You might be able to parallelize the display and update operations independently:

display_on_screen(data)
{
    ANNOTATE_SITE_BEGIN(site_display);
    for (each block of data) {
        ANNOTATE_ITERATION_TASK(task_display);
        display the block of data;
    }
    ANNOTATE_SITE_END();
}
update(data)
{
    ANNOTATE_SITE_BEGIN(site_update);
    for (each block of data) {
        ANNOTATE_ITERATION_TASK(task_update);
        update the block of data;
    }
    ANNOTATE_SITE_END();
}

Each iteration of the main loop would still do the display and then the update, but the display and update operations could be performed much faster.

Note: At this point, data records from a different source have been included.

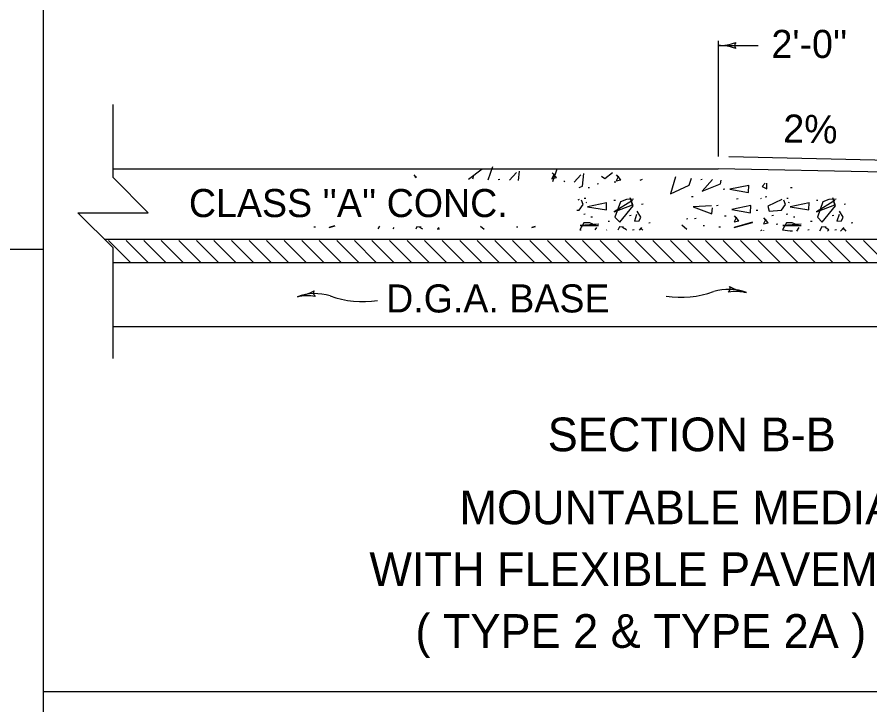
# Model space of a CAD drawing. Extents: x 1007 to 1035.5, y 1000.5 to 1021.5.
# Drawn here: x 1016.31 to 1022.39, y 1012.65 to 1017.55 of the extents above; entities that cross this region are included whole.
import ezdxf

# ---------------------------------------------------------------- set-up
doc = ezdxf.new("R2010")
doc.units = 0
doc.layers.add('Level 1', color=7, linetype='Continuous')

msp = doc.modelspace()

# ---------------------------------------------------------------- linework, layer by layer
at = {"layer": 'Level 1'}
for p, q in [((1016.5, 1021.5), (1016.5, 1000.5)), ((1021.3052, 1017.3826), (1021.3052, 1016.5599)), ((1021.3052, 1017.3494), (1021.5907, 1017.3494)), ((1021.4276, 1017.3494), (1021.5447, 1017.3494)), ((1022.5259, 1016.5317), (1021.3812, 1016.5556)), ((1016.9964, 1016.4713), (1021.3052, 1016.4713)), ((1022.4909, 1016.4466), (1021.3052, 1016.4713)), ((1016.9339, 1015.9713), (1022.8052, 1015.9713)), ((1017.1213, 1015.8049), (1016.9651, 1015.9612)), ((1017.2463, 1015.8049), (1017.0901, 1015.9612)), ((1017.3713, 1015.8049), (1017.2151, 1015.9612)), ((1017.4963, 1015.8049), (1017.3401, 1015.9612)), ((1017.6213, 1015.8049), (1017.4651, 1015.9612)), ((1017.7463, 1015.8049), (1017.5901, 1015.9612)), ((1017.8713, 1015.8049), (1017.7151, 1015.9612)), ((1017.9963, 1015.8049), (1017.8401, 1015.9612)), ((1018.1213, 1015.8049), (1017.9651, 1015.9612)), ((1018.2463, 1015.8049), (1018.0901, 1015.9612)), ((1018.3713, 1015.8049), (1018.2151, 1015.9612)), ((1018.4963, 1015.8049), (1018.3401, 1015.9612)), ((1018.6213, 1015.8049), (1018.4651, 1015.9612)), ((1018.7463, 1015.8049), (1018.5901, 1015.9612)), ((1018.8713, 1015.8049), (1018.7151, 1015.9612)), ((1018.9963, 1015.8049), (1018.8401, 1015.9612)), ((1019.1213, 1015.8049), (1018.9651, 1015.9612)), ((1019.2467, 1015.8049), (1019.0904, 1015.9612)), ((1019.3717, 1015.8049), (1019.2154, 1015.9612)), ((1019.4967, 1015.8049), (1019.3404, 1015.9612)), ((1019.6217, 1015.8049), (1019.4654, 1015.9612)), ((1019.7467, 1015.8049), (1019.5904, 1015.9612)), ((1019.8717, 1015.8049), (1019.7154, 1015.9612)), ((1019.9967, 1015.8049), (1019.8404, 1015.9612)), ((1020.1217, 1015.8049), (1019.9654, 1015.9612)), ((1020.2467, 1015.8049), (1020.0904, 1015.9612)), ((1020.3717, 1015.8049), (1020.2154, 1015.9612)), ((1020.4967, 1015.8049), (1020.3404, 1015.9612)), ((1020.6217, 1015.8049), (1020.4654, 1015.9612)), ((1020.7467, 1015.8049), (1020.5904, 1015.9612)), ((1020.8717, 1015.8049), (1020.7154, 1015.9612)), ((1020.9967, 1015.8049), (1020.8404, 1015.9612)), ((1021.1217, 1015.8049), (1020.9654, 1015.9612)), ((1021.2467, 1015.8049), (1021.0904, 1015.9612)), ((1021.3717, 1015.8049), (1021.2154, 1015.9612)), ((1021.4967, 1015.8049), (1021.3404, 1015.9612)), ((1021.6217, 1015.8049), (1021.4654, 1015.9612)), ((1021.7467, 1015.8049), (1021.5904, 1015.9612)), ((1021.8717, 1015.8049), (1021.7154, 1015.9612)), ((1021.9967, 1015.8049), (1021.8404, 1015.9612)), ((1022.1217, 1015.8049), (1021.9654, 1015.9612)), ((1022.2467, 1015.8049), (1022.0904, 1015.9612)), ((1022.3717, 1015.8049), (1022.2154, 1015.9612)), ((1022.4967, 1015.8049), (1022.3404, 1015.9612)), ((1007, 1015.9), (1016.5, 1015.9)), ((1016.9964, 1015.8048), (1024.6058, 1015.8048)), ((1024.3768, 1015.3463), (1016.9964, 1015.3463)), ((1016.5, 1012.75), (1025.7913, 1012.75))]:
    msp.add_line(p, q, dxfattribs=at)
for points in [[(1016.9964, 1015.1193), (1016.9964, 1015.9088), (1016.7464, 1016.1588), (1017.2464, 1016.1588), (1016.9964, 1016.4088), (1016.9964, 1016.9287)], [(1019.5282, 1016.3977), (1019.6253, 1016.4713)], [(1019.6688, 1016.3938), (1019.7004, 1016.4878)], [(1019.8683, 1016.4448), (1019.8188, 1016.3897)], [(1019.8833, 1016.3879), (1019.8904, 1016.4545)], [(1020.137, 1016.4353), (1020.1204, 1016.4006), (1020.1537, 1016.4088), (1020.1232, 1016.4435)], [(1020.1284, 1016.3812), (1020.1588, 1016.4713)], [(1020.4979, 1016.4032), (1020.5518, 1016.444)], [(1019.1573, 1016.4078), (1019.1398, 1016.4278)], [(1019.1537, 1016.4195), (1019.1482, 1016.4081)], [(1019.5631, 1016.424), (1019.5551, 1016.3969)], [(1019.7499, 1016.3945), (1019.7388, 1016.3931)], [(1020.2108, 1016.3852), (1020.2056, 1016.3791)], [(1020.3269, 1016.4291), (1020.2803, 1016.377)], [(1020.315, 1016.3388), (1020.3394, 1016.3486), (1020.3491, 1016.4388)], [(1020.4757, 1016.4198), (1020.4979, 1016.4032)], [(1020.5957, 1016.4195), (1020.5791, 1016.3848), (1020.6123, 1016.3931), (1020.5818, 1016.4278)], [(1020.7642, 1016.3949), (1020.7476, 1016.3879)], [(1021.0018, 1016.4131), (1020.9663, 1016.2923)], [(1021.098, 1016.356), (1021.1146, 1016.4053)], [(1021.1919, 1016.3945), (1021.1808, 1016.3931)], [(1021.2655, 1016.3949), (1021.1909, 1016.3117)], [(1021.3228, 1016.3643), (1021.3256, 1016.3908)], [(1020.3898, 1016.3367), (1020.3786, 1016.3353)], [(1020.4544, 1016.3638), (1020.4433, 1016.3625)], [(1020.5769, 1016.3774), (1020.5658, 1016.3761)], [(1020.9663, 1016.2923), (1021.098, 1016.356)], [(1021.1909, 1016.3117), (1021.3228, 1016.3643)], [(1021.3518, 1016.3264), (1021.3408, 1016.325)], [(1021.5238, 1016.3533), (1021.3893, 1016.3255), (1021.5224, 1016.3019), (1021.5238, 1016.3547)], [(1021.6391, 1016.3692), (1021.6195, 1016.3463)], [(1021.6195, 1016.3463), (1021.6528, 1016.3297)], [(1021.6528, 1016.3297), (1021.6514, 1016.3683)], [(1021.8318, 1016.3367), (1021.8206, 1016.3353)], [(1020.3625, 1016.2604), (1020.3514, 1016.259)], [(1020.6948, 1016.2457), (1020.5645, 1016.1652), (1020.6948, 1016.2138), (1020.6796, 1016.2651)], [(1021.1273, 1016.272), (1021.1162, 1016.2706)], [(1021.6126, 1016.2609), (1021.607, 1016.2568)], [(1021.6513, 1016.2706), (1021.6403, 1016.2692)], [(1021.8045, 1016.2604), (1021.7934, 1016.259)], [(1022.1368, 1016.2457), (1022.0065, 1016.1652), (1022.1368, 1016.2138), (1022.1216, 1016.2651)], [(1020.2991, 1016.1757), (1020.3148, 1016.1769), (1020.3439, 1016.2172), (1020.3314, 1016.249)], [(1020.3162, 1016.2518), (1020.3061, 1016.2471)], [(1020.3703, 1016.229), (1020.3648, 1016.2318)], [(1020.5107, 1016.2293), (1020.3761, 1016.2017), (1020.5093, 1016.1781), (1020.5107, 1016.2308)], [(1020.5735, 1016.2468), (1020.5624, 1016.2453)], [(1020.7032, 1016.254), (1020.6518, 1016.2526), (1020.6088, 1016.2359), (1020.57, 1016.1278), (1020.6047, 1016.0917), (1020.699, 1016.2082), (1020.6823, 1016.2553)], [(1020.7709, 1016.2195), (1020.7598, 1016.2182)], [(1021.2589, 1016.2068), (1021.1285, 1016.2013), (1021.2603, 1016.1513), (1021.2658, 1016.1943)], [(1021.3043, 1016.2093), (1021.2931, 1016.2079)], [(1021.5374, 1016.2089), (1021.4029, 1016.1812), (1021.5361, 1016.1577), (1021.5374, 1016.2103)], [(1021.4472, 1016.257), (1021.4361, 1016.2556)], [(1021.7582, 1016.2518), (1021.6598, 1016.206), (1021.6694, 1016.17), (1021.7568, 1016.1769), (1021.7859, 1016.2172), (1021.7734, 1016.249)], [(1021.8123, 1016.229), (1021.8068, 1016.2318)], [(1021.9527, 1016.2293), (1021.8181, 1016.2017), (1021.9513, 1016.1781), (1021.9527, 1016.2308)], [(1022.0155, 1016.2468), (1022.0044, 1016.2453)], [(1022.1452, 1016.254), (1022.0938, 1016.2526), (1022.0508, 1016.2359), (1022.012, 1016.1278), (1022.0467, 1016.0917), (1022.141, 1016.2082), (1022.1243, 1016.2553)], [(1022.2129, 1016.2195), (1022.2018, 1016.2182)], [(1020.3591, 1016.1481), (1020.348, 1016.1467)], [(1020.6858, 1016.1378), (1020.6748, 1016.1365)], [(1020.724, 1016.1458), (1020.7088, 1016.0986), (1020.742, 1016.1), (1020.7545, 1016.1278), (1020.7282, 1016.1693)], [(1021.5867, 1016.1753), (1021.5756, 1016.1739)], [(1021.699, 1016.1378), (1021.6879, 1016.1365)], [(1021.8011, 1016.1481), (1021.79, 1016.1467)], [(1022.1278, 1016.1378), (1022.1168, 1016.1365)], [(1022.166, 1016.1458), (1022.1508, 1016.0986), (1022.184, 1016.1), (1022.1965, 1016.1278), (1022.1702, 1016.1693)], [(1020.3495, 1016.0875), (1020.3203, 1016.0376)], [(1020.4549, 1016.0778), (1020.3232, 1016.0668), (1020.4535, 1016.0668)], [(1020.3911, 1016.0875), (1020.3495, 1016.0875)], [(1020.4397, 1016.0653), (1020.3911, 1016.0875)], [(1020.4102, 1016.1277), (1020.399, 1016.1263)], [(1020.5327, 1016.097), (1020.5216, 1016.0956)], [(1020.8219, 1016.0868), (1020.8108, 1016.0854)], [(1021.0898, 1016.114), (1021.0787, 1016.1127)], [(1021.1477, 1016.1174), (1021.1366, 1016.1161)], [(1021.3621, 1016.1344), (1021.351, 1016.1331)], [(1021.4361, 1016.1275), (1021.4194, 1016.0928), (1021.4528, 1016.1012), (1021.4223, 1016.1358)], [(1021.5502, 1016.0917), (1021.4198, 1016.0528), (1021.5502, 1016.0889)], [(1021.6437, 1016.1139), (1021.6271, 1016.0793), (1021.6603, 1016.0876), (1021.6298, 1016.1223)], [(1021.7297, 1016.0766), (1021.7185, 1016.0752)], [(1021.7915, 1016.0875), (1021.7623, 1016.0376)], [(1021.8969, 1016.0778), (1021.7652, 1016.0668), (1021.8955, 1016.0668)], [(1021.8331, 1016.0875), (1021.7915, 1016.0875)], [(1021.8817, 1016.0653), (1021.8331, 1016.0875)], [(1021.8522, 1016.1277), (1021.841, 1016.1263)], [(1021.9747, 1016.097), (1021.9636, 1016.0956)], [(1022.2639, 1016.0868), (1022.2528, 1016.0854)], [(1018.4373, 1016.0562), (1018.4262, 1016.0548)], [(1018.5743, 1016.0643), (1018.5358, 1016.0528), (1018.5771, 1016.0643)], [(1018.8934, 1016.0634), (1018.882, 1016.0438)], [(1018.9923, 1016.0433), (1018.999, 1016.0528)], [(1019.1599, 1016.057), (1019.1521, 1016.0424)], [(1019.1904, 1016.0557), (1019.1599, 1016.057)], [(1019.2023, 1016.0422), (1019.1821, 1016.0543)], [(1019.3208, 1016.0418), (1019.3056, 1016.0418)], [(1019.3167, 1016.0543), (1019.306, 1016.0416)], [(1019.3211, 1016.0416), (1019.3208, 1016.0418)], [(1019.6393, 1016.0403), (1019.6142, 1016.0614)], [(1019.8793, 1016.0562), (1019.8682, 1016.0548)], [(1020.0033, 1016.0604), (1019.9778, 1016.0528), (1020.0053, 1016.0604)], [(1020.3203, 1016.0376), (1020.3307, 1016.0363)], [(1020.429, 1016.0358), (1020.441, 1016.0528)], [(1020.5123, 1016.0358), (1020.5093, 1016.0354)], [(1020.6019, 1016.057), (1020.59, 1016.035)], [(1020.6324, 1016.0557), (1020.6019, 1016.057)], [(1020.6518, 1016.0376), (1020.6241, 1016.0543)], [(1020.6493, 1016.0347), (1020.6518, 1016.0376)], [(1020.7063, 1016.0358), (1020.6958, 1016.0345)], [(1020.7587, 1016.0543), (1020.7418, 1016.0343)], [(1020.7628, 1016.0418), (1020.7476, 1016.0418)], [(1020.7687, 1016.0341), (1020.7628, 1016.0418)], [(1021.0813, 1016.0403), (1021.0467, 1016.0695)], [(1021.2089, 1016.0664), (1021.1978, 1016.065)], [(1021.3213, 1016.0562), (1021.3102, 1016.0548)], [(1021.6153, 1016.034), (1021.606, 1016.0298)], [(1021.6311, 1016.0297), (1021.6305, 1016.0313)], [(1021.7623, 1016.0376), (1021.8178, 1016.0307)], [(1021.8178, 1016.0307), (1021.8352, 1016.0286)], [(1021.8658, 1016.0284), (1021.883, 1016.0528)], [(1021.9543, 1016.0358), (1021.9432, 1016.0343)], [(1022.0439, 1016.057), (1022.028, 1016.0276)], [(1022.0744, 1016.0557), (1022.0439, 1016.057)], [(1022.0938, 1016.0376), (1022.0661, 1016.0543)], [(1022.0848, 1016.0273), (1022.0938, 1016.0376)], [(1022.1483, 1016.0358), (1022.1372, 1016.0343)], [(1022.2007, 1016.0543), (1022.1775, 1016.0268)], [(1022.2048, 1016.0418), (1022.1896, 1016.0418)], [(1022.2163, 1016.0267), (1022.2048, 1016.0418)]]:
    msp.add_lwpolyline(points, dxfattribs=at)
for centre, radius, start, end in [((1021.3052, 1017.74), 0.3906, 270, 288.66878), ((1021.4537, 1017.3493), 0.0312, 138.7746, 220.89129), ((1021.3052, 1016.9588), 0.3906, 71.34716, 89.99389), ((1018.237, 1015.9439), 0.3906, 280.60386, 299.27264), ((1018.4548, 1015.5872), 0.0312, 149.37846, 231.49515), ((1021.0396, 1016.2337), 0.6778, 261.20454, 290.1662), ((1021.3794, 1015.2454), 0.3676, 69.79386, 106.76451), ((1021.3603, 1015.6177), 0.0312, 308.50485, 30.62154), ((1021.4345, 1015.2065), 0.3906, 79.40225, 98.04898), ((1021.5782, 1015.9744), 0.3906, 240.72736, 259.39614), ((1021.5782, 1015.9744), 0.3906, 259.39614, 259.40837), ((1018.4358, 1015.2149), 0.3676, 73.23549, 110.20614), ((1018.237, 1015.9439), 0.3906, 280.59163, 280.60386), ((1018.3807, 1015.176), 0.3906, 81.95102, 100.59775), ((1018.7755, 1016.2032), 0.6778, 249.8338, 278.79546)]:
    msp.add_arc(centre, radius, start, end, dxfattribs=at)

# ---------------------------------------------------------------- texts
for s, height, p in [("2'-0''", 0.2, (1021.6849, 1017.2607)), ("CLASS ''A'' CONC.", 0.2, (1017.5368, 1016.1274)), ('D.G.A. BASE', 0.2, (1018.9413, 1015.4482)), ('SECTION B-B', 0.24, (1020.0916, 1014.4598)), ('MOUNTABLE MEDIAN', 0.24, (1019.4632, 1013.9398)), (' WITH FLEXIBLE PAVEMENT', 0.24, (1018.7328, 1013.4998)), ('( TYPE 2 & TYPE 2A )', 0.24, (1019.1495, 1013.0598))]:
    msp.add_text(s, height=height, dxfattribs=at).set_placement(p)
msp.add_text('2%', height=0.2, rotation=358.80577, dxfattribs=at).set_placement((1021.7668, 1016.6593))

doc.saveas('drawing.dxf')

Depending on your program, you need to decide whether to implement multiple parallel sites at the same or at different times:

  • When two parallel sites are truly disjoint or have overlapping functions that are purely functional and do not show problems reported by the Dependencies tool, you can consider parallelizing those sites separately at different times.

  • When considering multiple parallel sites that overlap on the same call trees - such as multiple sites that call the same (common) utility functions - consider parallelizing or not parallelizing the entire set of parallel sites at the same time.

You need to determine the cause of each dependency and fix it. If you have multiple parallel sites that overlap on the same call trees - such as multiple sites that call the same utility functions (common code) - read the help topic Fixing Problems in Code Used by Multiple Parallel Sites.